Jeffrey Collins / AP

Police identify victims in South Carolina church shooting

The victims, ages 26 to 87, included a state senator, a recent graduate and a track team coach

A state senator, a librarian, a recent college graduate and a track team coach were among those gunned down in what authorities are calling a hate crime at a historical black church in Charleston, South Carolina.

Police on Thursday identified the victims of the shooting that killed nine in a prayer meeting at Emanuel African Methodist Episcopal Church the night before, and community member condolences for the deceased circulated widely around social and news media.

Clementa Pinckney, 41, was the pastor at the church where the shooting occurred, one of the oldest African-American houses of worship in the country. Pinckney had lived a life of firsts: He was ordained as a church elder at the age of 18. In 1997, he became South Carolina’s youngest member of the state house at the time, and in 2001, he became the youngest state senator.

He was active in Hillary Clinton’s bid for the 2016 Democratic presidential ticket, and spent much of his last day campaigning with Clinton in Charleston.

Pinckney had delivered a stirring sermon at a YWCA event in late April, entitled "Requiem on Racism," in which he said that love alone could end racism. "Irregardless of our faiths, our ethnicities, where we are from, together we come in love," he said. "Together we come to bury racism, to bury bigotry, and to resurrect and revive love, compassion and tenderness."

Another of the deceased was named as Sharonda Coleman-Singleton, 45, who coached the girl’s track team at Goose Creek High School, just north of Charleston. The school plans to hold a vigil for her at 7 p.m. local time.

Singleton was also a “teacher, pastor and mother,” according to a retweet by Chris Singleton, identified by national media as Coleman-Singleton’s son. Al Jazeera was unable to independently verify Singleton’s account.

A recent college graduate was also killed. Allen University mourned Tywanza Sanders, 26, who the university called “the youngest victim.” He graduated with a degree in business administration last year.

“He was a quiet, well known student who was committed to his education,” said a press release that university vice president Flavia Eldemire sent to Al Jazeera.

State Sen. Pinckney had also attended Allen University. “Our hearts and prayers are with the families of these two victims of this senseless act of violence,” the university’s interim president, Lady June Cole, was quoted as saying in the release.

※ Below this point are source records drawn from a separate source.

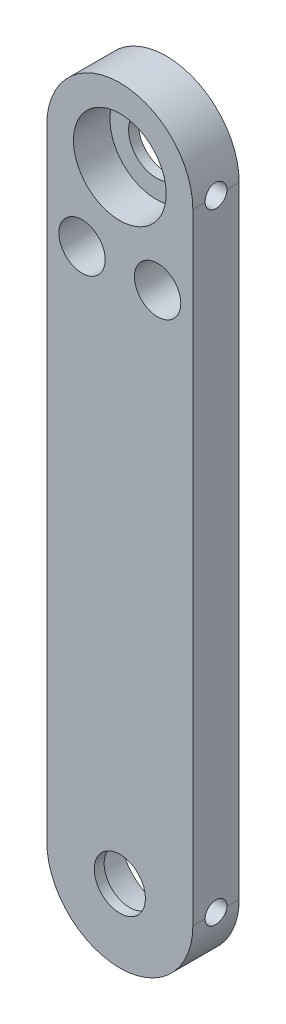
from build123d import *

# Parameters (mm, degrees)
SALIENTE_EXTRUIR1_DEPTH = 6.35
CROQUIS2_R              = 6.35
CORTAR_EXTRUIR1_DEPTH   = 5
CROQUIS3_R              = 3.8
CORTAR_EXTRUIR2_DEPTH   = 54.677276384
CROQUIS4_R              = 3.175
CORTAR_EXTRUIR3_DEPTH   = 5
CROQUIS5_R              = 1.5
CORTAR_EXTRUIR4_DEPTH   = 5
CROQUIS6_R              = 1.5
CORTAR_EXTRUIR5_DEPTH   = 5
CROQUIS7_R              = 6.35
CORTAR_EXTRUIR6_DEPTH   = 5
CROQUIS8_R              = 3.5
CORTAR_EXTRUIR7_DEPTH   = 5
CROQUIS9_R              = 1.5
CORTAR_EXTRUIR8_DEPTH   = 5


with BuildPart() as part:
    # Croquis1 → Saliente-Extruir1 (new body)
    with BuildSketch(Plane.XY):
        with BuildLine():
            Line((10, 42.5), (10, -42.5))
            ThreePointArc((10, -42.5), (0, -52.5), (-10, -42.5))
            Line((-10, -42.5), (-10, 42.5))
            ThreePointArc((-10, 42.5), (0, 52.5), (10, 42.5))
        make_face()
    extrude(amount=SALIENTE_EXTRUIR1_DEPTH)

    # Croquis2 → Cortar-Extruir1 (cut)
    with BuildSketch(Plane.XY.offset(6.35)):
        with Locations((0, 42.5)):
            Circle(CROQUIS2_R)
    extrude(amount=-CORTAR_EXTRUIR1_DEPTH, mode=Mode.SUBTRACT)

    # Croquis3 → Cortar-Extruir2 (cut, through all)
    with BuildSketch(Plane.XY.offset(1.35)):
        with Locations((0, 42.5)):
            Circle(CROQUIS3_R)
    extrude(amount=-CORTAR_EXTRUIR2_DEPTH, mode=Mode.SUBTRACT)

    # Croquis4 → Cortar-Extruir3 (cut)
    with BuildSketch(Plane.XY.offset(6.35)):
        with Locations((5.175, 30.5)):
            Circle(CROQUIS4_R)
        with Locations((-5.175, 30.5)):
            Circle(CROQUIS4_R)
    extrude(amount=-CORTAR_EXTRUIR3_DEPTH, mode=Mode.SUBTRACT)

    # Croquis5 → Cortar-Extruir4 (cut)
    with BuildSketch(Plane.XY.offset(1.35)):
        with Locations((-5.175, 30.5)):
            Circle(CROQUIS5_R)
        with Locations((5.175, 30.5)):
            Circle(CROQUIS5_R)
    extrude(amount=-CORTAR_EXTRUIR4_DEPTH, mode=Mode.SUBTRACT)

    # Croquis6 → Cortar-Extruir5 (cut)
    with BuildSketch(Plane(origin=(10, 0, 0), x_dir=(0, 0, -1), z_dir=(1, 0, 0))):
        with Locations((-3.175, 42.5)):
            Circle(CROQUIS6_R)
    extrude(amount=-CORTAR_EXTRUIR5_DEPTH, mode=Mode.SUBTRACT)

    # Croquis7 → Cortar-Extruir6 (cut)
    with BuildSketch(Plane(origin=(0, 0, 0), x_dir=(-1, 0, 0), z_dir=(0, 0, -1))):
        with Locations((0, -42.5)):
            Circle(CROQUIS7_R)
    extrude(amount=-CORTAR_EXTRUIR6_DEPTH, mode=Mode.SUBTRACT)

    # Croquis8 → Cortar-Extruir7 (cut)
    with BuildSketch(Plane(origin=(0, 0, 5), x_dir=(-1, 0, 0), z_dir=(0, 0, -1))):
        with Locations((0, -42.5)):
            Circle(CROQUIS8_R)
    extrude(amount=-CORTAR_EXTRUIR7_DEPTH, mode=Mode.SUBTRACT)

    # Croquis9 → Cortar-Extruir8 (cut)
    with BuildSketch(Plane(origin=(10, 0, 0), x_dir=(0, 0, -1), z_dir=(1, 0, 0))):
        with Locations((-3.175, -42.5)):
            Circle(CROQUIS9_R)
    extrude(amount=-CORTAR_EXTRUIR8_DEPTH, mode=Mode.SUBTRACT)


solid = part.part
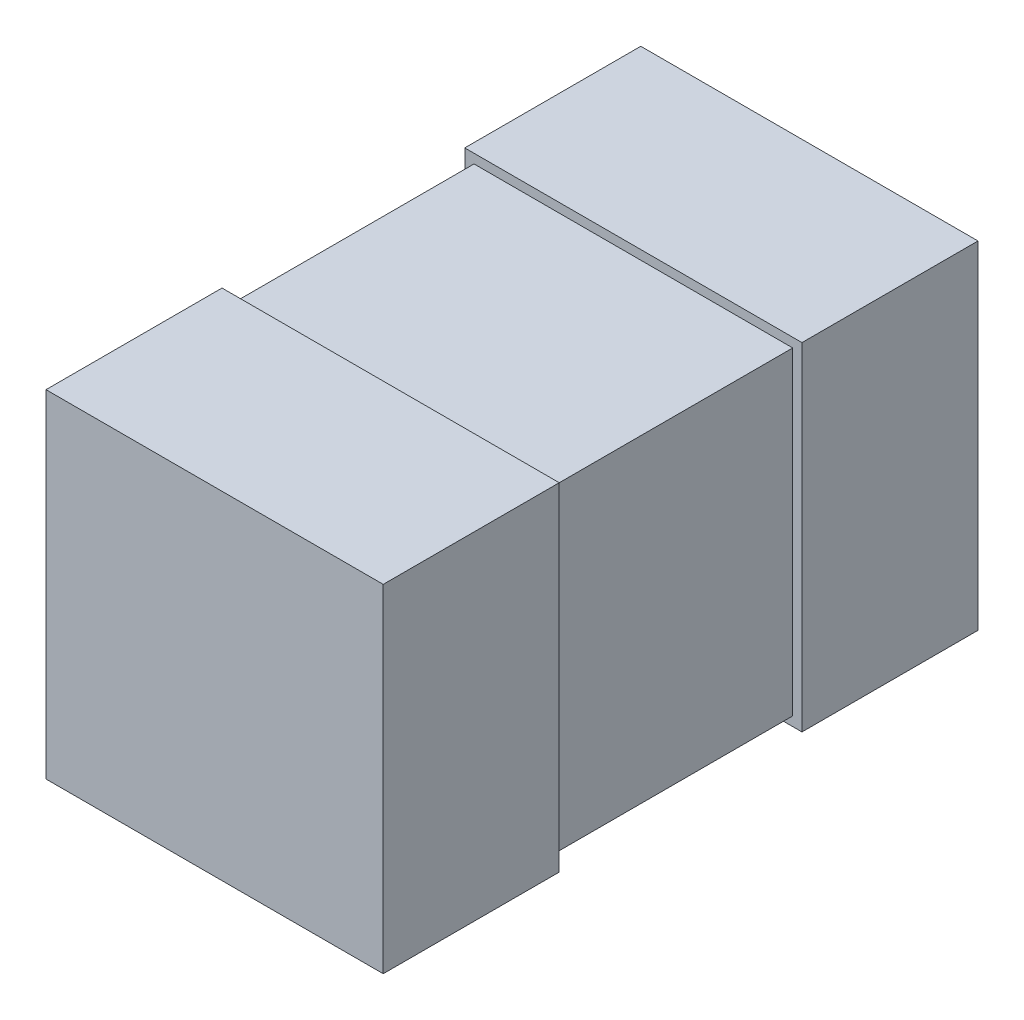
from build123d import *

# Parameters (mm, degrees)
SKETCH2_W           = 1.82
SKETCH2_H           = 0.95
BOSS_EXTRUDE1_DEPTH = 1.82
SKETCH4_W           = 1.72
SKETCH4_H           = 1.72
BOSS_EXTRUDE2_DEPTH = 1.31
SKETCH5_W           = 1.82
SKETCH5_H           = 1.82
BOSS_EXTRUDE3_DEPTH = 0.95


with BuildPart() as part:
    # Sketch2 → Boss-Extrude1 (new body)
    with BuildSketch(Plane(origin=(0, 0, 0), x_dir=(1, 0, 0), z_dir=(0, 1, 0))):
        with Locations((0, -1.13)):
            Rectangle(SKETCH2_W, SKETCH2_H)
    extrude(amount=BOSS_EXTRUDE1_DEPTH)


with BuildPart() as body_2:
    # Sketch4 → Boss-Extrude2 (new body)
    with BuildSketch(Plane(origin=(0, 0, 0.655), x_dir=(-1, 0, 0), z_dir=(0, 0, -1))):
        with Locations((0, 0.91)):
            Rectangle(SKETCH4_W, SKETCH4_H)
    extrude(amount=BOSS_EXTRUDE2_DEPTH)


with BuildPart() as body_3:
    # Sketch5 → Boss-Extrude3 (new body)
    with BuildSketch(Plane(origin=(0, 0, -0.655), x_dir=(-1, 0, 0), z_dir=(0, 0, -1))):
        with Locations((0, 0.91)):
            Rectangle(SKETCH5_W, SKETCH5_H)
    extrude(amount=BOSS_EXTRUDE3_DEPTH)


solid = Compound([part.part, body_2.part, body_3.part])
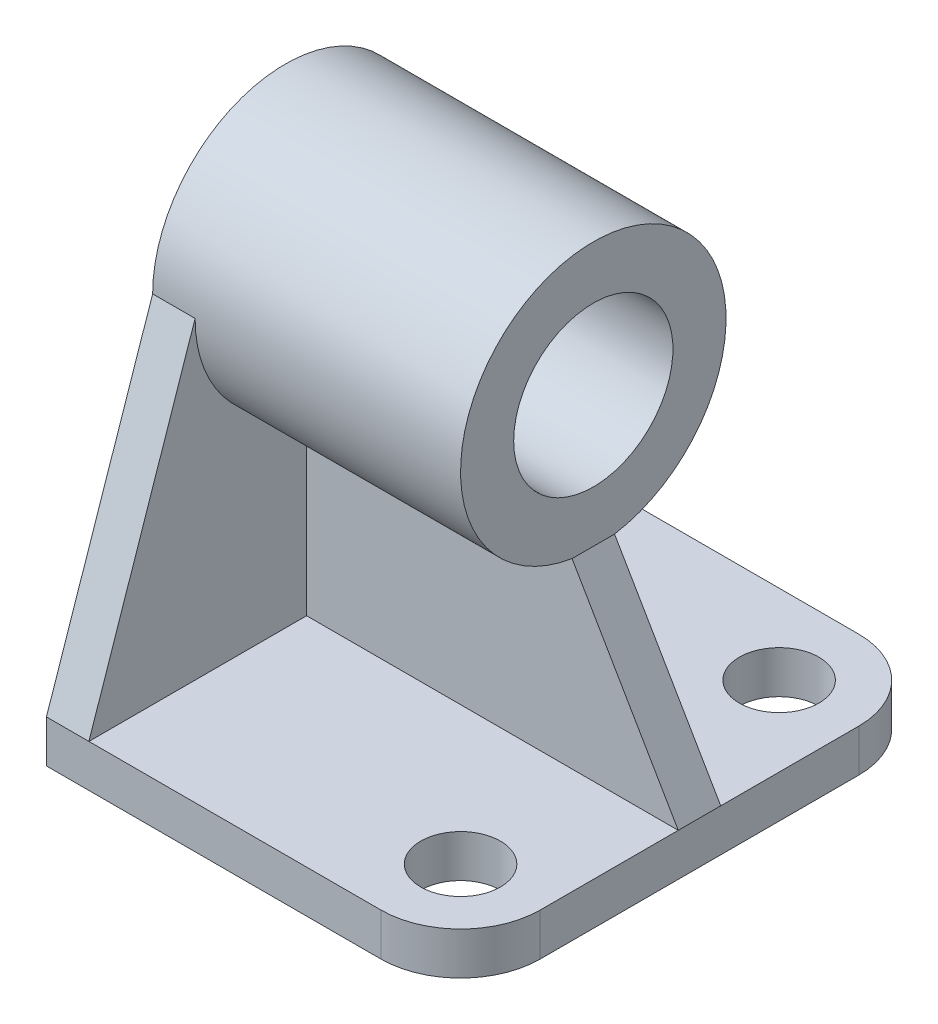
from build123d import *

# Parameters (mm, degrees)
SKETCH2_R           = 7.5
BOSS_EXTRUDE1_DEPTH = 8
BOSS_EXTRUDE3_DEPTH = 8
BOSS_EXTRUDE4_DEPTH = 58
SKETCH17_W          = 8
SKETCH17_H          = 39.501765498
BOSS_EXTRUDE6_DEPTH = 78
CUT_EXTRUDE1_DEPTH  = 78


with BuildPart() as part:
    # Sketch2 → Boss-Extrude1 (new body)
    with BuildSketch(Plane(origin=(0, 0, 0), x_dir=(1, 0, 0), z_dir=(0, 1, 0))):
        with BuildLine():
            Line((-4.545115865, -26.622255639), (58.454884135, -26.622255639))
            ThreePointArc((58.454884135, -26.622255639), (69.061485853, -22.228857357), (73.454884135, -11.622255639))
            Line((73.454884135, -11.622255639), (73.454884135, 48.377744361))
            ThreePointArc((73.454884135, 48.377744361), (69.061485853, 58.984346079), (58.454884135, 63.377744361))
            Line((58.454884135, 63.377744361), (-4.545115865, 63.377744361))
            Line((-4.545115865, 63.377744361), (-4.545115865, -26.622255639))
        make_face()
        with Locations((58.454884135, -11.622255639)):
            Circle(SKETCH2_R, mode=Mode.SUBTRACT)
        with Locations((58.454884135, 48.377744361)):
            Circle(SKETCH2_R, mode=Mode.SUBTRACT)
    extrude(amount=BOSS_EXTRUDE1_DEPTH)

    # Sketch3 → Boss-Extrude3 (add)
    with BuildSketch(Plane.ZY.offset(4.545115865)):
        with BuildLine():
            Line((-63.377744361, 8), (26.622255639, 8))
            Line((26.622255639, 8), (6.622255639, 67))
            ThreePointArc((6.622255639, 67), (-18.377744361, 42), (-43.377744361, 67))
            Line((-43.377744361, 67), (-63.377744361, 8))
        make_face()
    extrude(amount=-BOSS_EXTRUDE3_DEPTH)

    # Sketch3_4 → Boss-Extrude4 (add)
    with BuildSketch(Plane.ZY.offset(4.545115865)):
        with BuildLine():
            ThreePointArc((-43.377744361, 67), (-36.055413891, 49.32233047), (-18.377744361, 42))
            ThreePointArc((-18.377744361, 42), (-0.700074831, 49.32233047), (6.622255639, 67))
            ThreePointArc((6.622255639, 67), (-18.377744361, 92), (-43.377744361, 67))
        make_face()
        with BuildLine():
            ThreePointArc((-3.377744361, 67), (-7.771142643, 56.393398282), (-18.377744361, 52))
            ThreePointArc((-18.377744361, 52), (-28.984346079, 77.606601718), (-3.377744361, 67))
        make_face(mode=Mode.SUBTRACT)
    extrude(amount=-BOSS_EXTRUDE4_DEPTH)

    # Sketch17 → Boss-Extrude6 (add)
    with BuildSketch(Plane.ZY.offset(4.545115865)):
        with Locations((-18.377744361, 27.750882749)):
            Rectangle(SKETCH17_W, SKETCH17_H)
    extrude(amount=-BOSS_EXTRUDE6_DEPTH)

    # Sketch18 → Cut-Extrude1 (cut)
    with BuildSketch(Plane(origin=(0, 0, -22.377744361), x_dir=(-1, 0, 0), z_dir=(0, 0, -1))):
        Polygon((-73.454884135, 8), (-53.454884135, 42.322074641), (-53.454884135, 47.501765498), (-73.454884135, 47.501765498), align=None)
    extrude(amount=-CUT_EXTRUDE1_DEPTH, mode=Mode.SUBTRACT)


solid = part.part
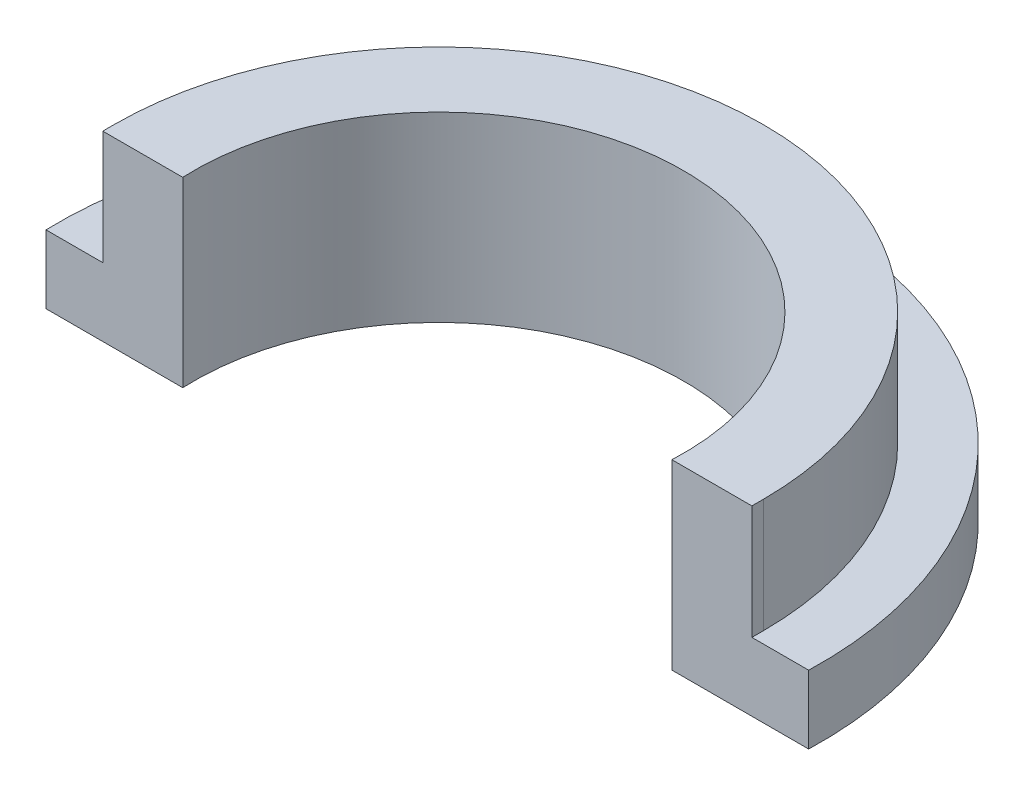
from build123d import *
from build123d.topology import SkipClean

# Parameters (mm, degrees)
BOSS_EXTRUDE2_DEPTH = 2
BOSS_EXTRUDE3_DEPTH = 4
BOSS_EXTRUDE4_DEPTH = 0.4
BOSS_EXTRUDE6_DEPTH = 0.4


with BuildPart() as part:
    # Sketch4 → Boss-Extrude2 (new body)
    with BuildSketch(Plane(origin=(0, 0, 0), x_dir=(1, 0, 0), z_dir=(0, 1, 0))):
        with BuildLine():
            Line((-13.39402852, -0.4), (-8.590692638, -0.4))
            ThreePointArc((-8.590692638, -0.4), (0, 8.6), (8.590692638, -0.4))
            Line((8.590692638, -0.4), (13.39402852, -0.4))
            ThreePointArc((13.39402852, -0.4), (0, 13.4), (-13.39402852, -0.4))
        make_face()
        with BuildLine():
            Line((9, 0), (13, 0))
            ThreePointArc((13, 0), (0, 13), (-13, 0))
            Line((-13, 0), (-9, 0))
            ThreePointArc((-9, 0), (0, 9), (9, 0))
        make_face(mode=Mode.SUBTRACT)
    extrude(amount=BOSS_EXTRUDE2_DEPTH)

    # Sketch5 → Boss-Extrude3 (add)
    with BuildSketch(Plane(origin=(0, 2, 0), x_dir=(1, 0, 0), z_dir=(0, 1, 0))):
        with BuildLine():
            Line((-11.4, 0), (-11.4, -0.4))
            Line((-11.4, -0.4), (-8.590692638, -0.4))
            ThreePointArc((-8.590692638, -0.4), (0, 8.6), (8.590692638, -0.4))
            Line((8.590692638, -0.4), (11.4, -0.4))
            Line((11.4, -0.4), (11.4, 0))
            ThreePointArc((11.4, 0), (0, 11.4), (-11.4, 0))
        make_face()
        with BuildLine():
            Line((-11, 0), (-9, 0))
            ThreePointArc((-9, 0), (0, 9), (9, 0))
            Line((9, 0), (11, 0))
            ThreePointArc((11, 0), (0, 11), (-11, 0))
        make_face(mode=Mode.SUBTRACT)
    extrude(amount=BOSS_EXTRUDE3_DEPTH)

    # Sketch6 → Boss-Extrude4 (add)
    with BuildSketch(Plane(origin=(0, 2, 0), x_dir=(1, 0, 0), z_dir=(0, 1, 0))):
        with BuildLine():
            Line((-13.39402852, -0.4), (-11.4, -0.4))
            Line((-11.4, -0.4), (-11.4, 0))
            ThreePointArc((-11.4, 0), (0, 11.4), (11.4, 0))
            Line((11.4, 0), (11.4, -0.4))
            Line((11.4, -0.4), (13.39402852, -0.4))
            ThreePointArc((13.39402852, -0.4), (0, 13.4), (-13.39402852, -0.4))
        make_face()
    extrude(amount=BOSS_EXTRUDE4_DEPTH)

    # Sketch8 → Boss-Extrude6 (add)
    with SkipClean():  # the faces are left unmerged after this step: merging them gives an invalid solid
        with BuildSketch(Plane(origin=(0, 6, 0), x_dir=(1, 0, 0), z_dir=(0, 1, 0))):
            with BuildLine():
                Line((11.4, 0), (11.4, -0.4))
                Line((11.4, -0.4), (8.590692638, -0.4))
                ThreePointArc((8.590692638, -0.4), (0, 8.6), (-8.590692638, -0.4))
                Line((-8.590692638, -0.4), (-11.4, -0.4))
                Line((-11.4, -0.4), (-11.4, 0))
                ThreePointArc((-11.4, 0), (0, 11.4), (11.4, 0))
            make_face()
        extrude(amount=BOSS_EXTRUDE6_DEPTH)


solid = part.part
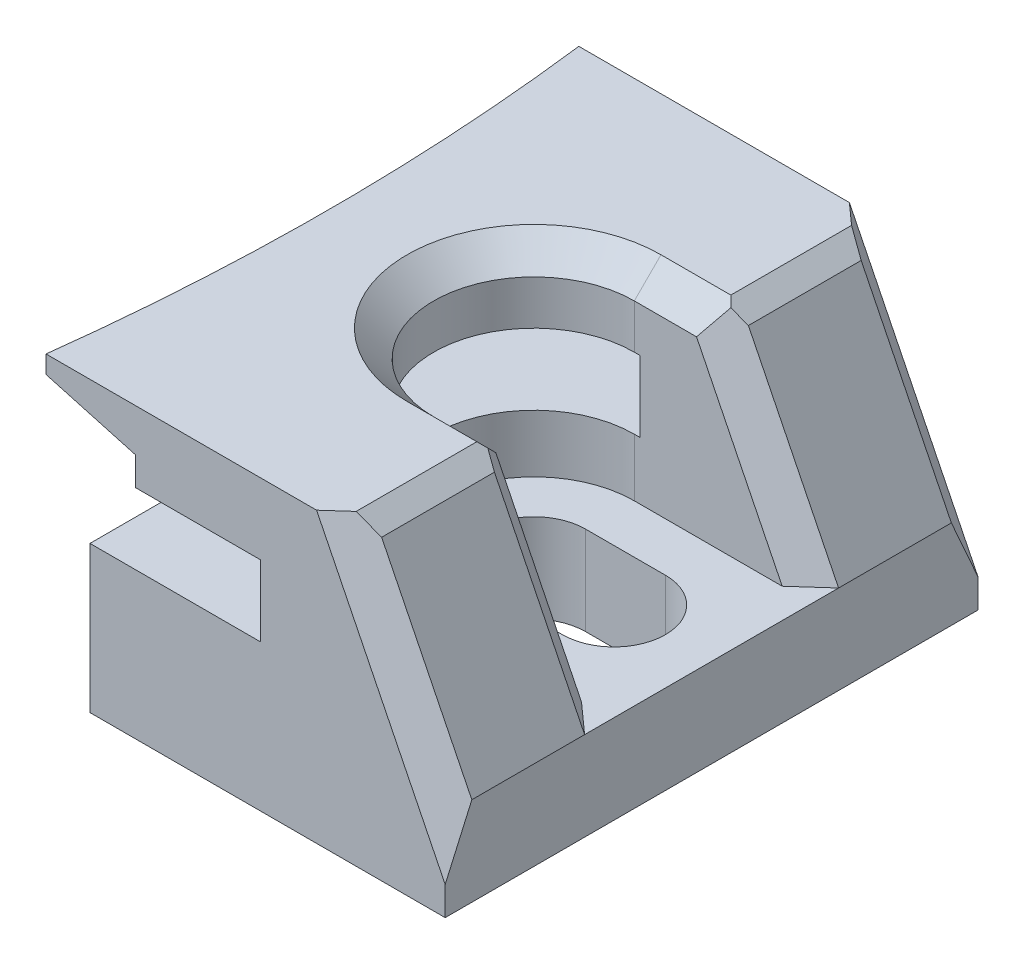
from build123d import *

# Parameters (mm, degrees)
BOSS_EXTRUDE1_DEPTH      = 15
BOSS_EXTRUDE1_DEPTH_BACK = 15
SKETCH2_W                = 10.45
SKETCH2_H                = 4
CUT_EXTRUDE3_DEPTH       = 28.414640249
CUT_EXTRUDE7_DEPTH       = 5
CHAMFER1_SIZE            = 1.5
CHAMFER2_SIZE            = 0.5
CHAMFER2_SIZE2           = 1.104400541
CHAMFER2_EDGE_2_SIZE     = 0.5
CHAMFER2_EDGE_2_SIZE2    = 1.104400541


with BuildPart() as part:
    # Sketch1 → Boss-Extrude1 (new, two sides)
    with BuildSketch(Plane.XY) as boss_extrude1_sk:
        Polygon((20, 5), (20, 0), (0, 0), (0, 12.25), (-5.154982838, 12.25), (-5.154982838, 16.25), (14.432786844, 16.25), align=None)
    extrude(amount=BOSS_EXTRUDE1_DEPTH)
    extrude(boss_extrude1_sk.sketch, amount=-BOSS_EXTRUDE1_DEPTH_BACK)

    # Sketch2 → Cut-Revolve2 (revolve, cut)
    with BuildSketch(Plane.XY):
        with Locations((5.225, 10.25)):
            Rectangle(SKETCH2_W, SKETCH2_H)
        Polygon((-1.55, 16.25), (-5.154982838, 16.25), (-5.154982838, 12.25), (0, 12.25), (3.45, 12.25), (3.45, 13.85), (-1.55, 15.25), align=None)
    revolve(axis=Axis((-123.55, 0, 0), (0, 1, 0)), mode=Mode.SUBTRACT)

    # Sketch5 → Cut-Extrude3 (cut, through all)
    with BuildSketch(Plane(origin=(0, 5, 0), x_dir=(-1, 0, 0), z_dir=(0, -1, 0))):
        with BuildLine():
            Line((-20, -5.65), (-10, -5.65))
            ThreePointArc((-10, -5.65), (-4.35, 0), (-10, 5.65))
            Line((-10, 5.65), (-20, 5.65))
            Line((-20, 5.65), (-20, -5.65))
        make_face()
    extrude(amount=-CUT_EXTRUDE3_DEPTH, mode=Mode.SUBTRACT)

    # Sketch6 → Cut-Extrude7 (cut)
    with BuildSketch(Plane(origin=(0, 5, 0), x_dir=(1, 0, 0), z_dir=(0, 1, 0))):
        with BuildLine():
            Line((10, 2.9), (14.5, 2.9))
            ThreePointArc((14.5, 2.9), (17.4, 0), (14.5, -2.9))
            Line((14.5, -2.9), (10, -2.9))
            ThreePointArc((10, -2.9), (7.1, 0), (10, 2.9))
        make_face()
    extrude(amount=-CUT_EXTRUDE7_DEPTH, mode=Mode.SUBTRACT)

    # Chamfer1
    chamfer1_edges = [part.edges().sort_by_distance(p)[0] for p in [
        (17.216393422, 10.625, 15),
        (12.216393422, 16.25, -5.65),
        (12.216393422, 16.25, 5.65),
        (17.216393422, 10.625, 5.65),
        (17.216393422, 10.625, -5.65),
        (4.35, 16.25, 0),
        (17.216393422, 10.625, -15),
    ]]
    chamfer(chamfer1_edges, length=CHAMFER1_SIZE)

    # Chamfer2
    chamfer2_edges = [part.edges().sort_by_distance(p)[0] for p in [
        (14.432786844, 16.25, -10.325),
    ]]
    chamfer2_side = [part.faces().sort_by_distance(p)[0] for p in [
        (5.141762366, 16.25, -14.655631739),
    ]]
    chamfer(chamfer2_edges, length=CHAMFER2_SIZE, length2=CHAMFER2_SIZE2, reference=chamfer2_side[0])

    # Chamfer2 edge 2
    chamfer2_edge_2_edges = [part.edges().sort_by_distance(p)[0] for p in [
        (14.432786844, 16.25, 10.325),
    ]]
    chamfer2_edge_2_side = [part.faces().sort_by_distance(p)[0] for p in [
        (5.141762366, 16.25, -14.655631739),
    ]]
    chamfer(chamfer2_edge_2_edges, length=CHAMFER2_EDGE_2_SIZE, length2=CHAMFER2_EDGE_2_SIZE2, reference=chamfer2_edge_2_side[0])


solid = part.part

The Charleston County Public Library (CCPL) was also in mourning Thursday, closing all 16 branches to mourn the loss of Cynthia Hurd, 54, a regional library manager in St. Andrews. Hurd had worked with the CCPL for 31 years.

“Cynthia was a tireless servant of the community who spent her life helping residents, making sure they had every opportunity for an education and personal growth,” the CCPL said in a release on its website. “Her loss is incomprehensible, and we ask for prayers for her family, her co-workers, her church and this entire community as we come together to face this tragic loss.”

Two other pastors were killed in the shooting: Myra Thompson, 59, and Rev. Daniel Simmons, 74. The Anglican Church of North America said on its Twitter account that Thompson was married to Rev. Anthony Thompson.

The third pastor, Rev. Daniel Simmons, 74, died on a hospital operating table after the shooting. He was a pastor at another Charleston church, according to ABC News.

Ethel Lance, 70, was a retired Gilliard Center Employee who worked for 30 years at the church, the Post and Courier newspaper said. Joe Quil Lance, her grandson, said that she was "the heart of the family."

Eighty-seven-year-old Susie Jackson was Lance's cousin and a longtime church member, the Post and Courier reported.

DePayne Doctor, 46, retired in 2005 as Charleston County director of the Community Development Block Grant Program, the Post and Courier said.

The Charleston Police Department did not respond to requests for further comment at time of publication.

Al Jazeera and The Associated Press. Azure Gilman contributed reporting.